Il faut dire que les conditions avancées par le député européen pour un éventuel accord étaient "fortes", selon la formule utilisée ce dimanche par son concurrent à gauche: des "garanties" sur la stratégie européenne, motif central de divergence entre les deux candidats, mais aussi la demande du retrait des ministres du quinquennat finissant investitures pour les législatives, "une vingtaine" selon un cadre de "La France insoumise".

La main reste tendue

Accusé de compromissions sur sa ligne politique pour satisfaire un camp fracturé entre le bilan du quinquennat sortant, le désaveu de Manuel Valls et la promotion d'un ancien ministre devenu chef de file des députés frondeurs, Benoît Hamon est même soupçonné de préparer un accord au bout du chemin avec Emmanuel Macron. Benoît Hamon est "sous influence solférinienne", juge même Alexis Corbière, porte-parole de Jean-Luc Mélenchon.
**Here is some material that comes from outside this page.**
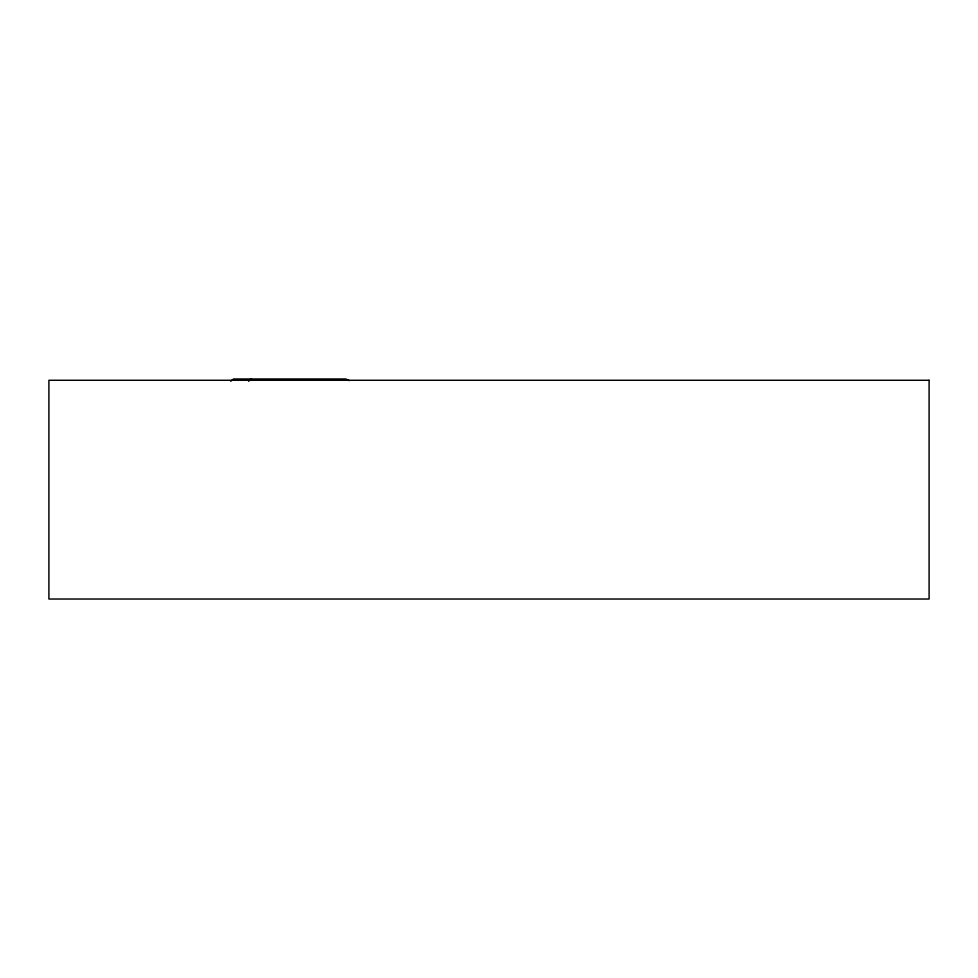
<?xml version="1.0" encoding="UTF-8"?>
<svg xmlns="http://www.w3.org/2000/svg" width="978" height="978" viewBox="0 0 978 978"><rect width="100%" height="100%" fill="white"/><g stroke="black" fill="none" stroke-linecap="round" stroke-linejoin="round"><path stroke-width="1.47" d="M230.759 381.237L233.497 378.975L345.833 378.975L349.268 380.638M248.583 381.237L251.322 378.975M929.1 380.271L48.9 380.271L48.9 599.025L929.1 599.025L929.1 380.271"/></g></svg>

De son côté, ce dernier a bâti en un an une structure qui revendique 250.000 adhérents et un programme étoffé qu'il paraît difficile de détricoter à deux mois du premier tour de l'élection présidentielle, au motif d'une alliance avec un parti honni durant le quinquennat. Mais, pour chacun, hors de question toutefois d'apparaître comme le fossoyeur du rassemblement. "La main, elle est tendue, elle le reste", assure ainsi Alexis Bachelay, porte-parole de Benoît Hamon.

L'accord entre Benoît Hamon et Yannick Jadot progresse (lentement mais) sûrement

Dans le même temps, celui-ci tarde à finaliser l'accord avec l'écologiste Yannick Jadot, annoncé comme imminent depuis plusieurs jours. Ce lundi, les deux hommes se sont rencontrés deux heures durant dans une brasserie parisienne. "Nous avons des convergences sur les grandes perspectives mais sur les points d'étape et la mise en oeuvre concrète, on n'y est pas du tout", a expliqué David Cormand, secrétaire national d'Europe Écologie-Les Verts, en citant en guise d'exemple les étapes de fermeture des réacteurs nucléaires.

Selon lui, les discussions devraient s'étaler encore pendant deux jours et un document devrait être présenté jeudi matin au comité de campagne de Yannick Jadot, avant un éventuel vote des militants le week-end prochain.

Le Parti communiste veut encore essayer

Devant ce rapprochement possible dont son représentant serait exclu, le PCF va publier ce mardi matin un texte pour "hausser le ton" et proposer un "pacte majoritaire à gauche" destiné à "remettre quelque chose de positif à l'horizon". Outre une "adresse au peuple de France" sur le risque d'une victoire du Front national, le Parti communiste annoncera un calendrier de rencontres, dès cette semaine, avec Jean-Luc Mélenchon, que le parti continue à soutenir à la présidentielle, Benoît Hamon, candidat PS et Europe Ecologie-Les Verts, a précisé ce lundi Olivier Dartigolles, porte-parole du PCF.

Il s'agit de "proposer un pacte majoritaire à gauche, où nous pourrions, au delà de nos débats, nous entendre sur l'essentiel: la VIe République, une Loi Travail pour le XXIe siècle, la relance industrielle articulée à la transition écologique et la sortie de l'Europe de l'austérité", a-t-il résumé. Il a précisé que le PCF se placerait dans un rôle de médiateur, disant "qui et quand" il rencontrerait et donnant "la nature exacte de la réponse donnée, en toute transparence".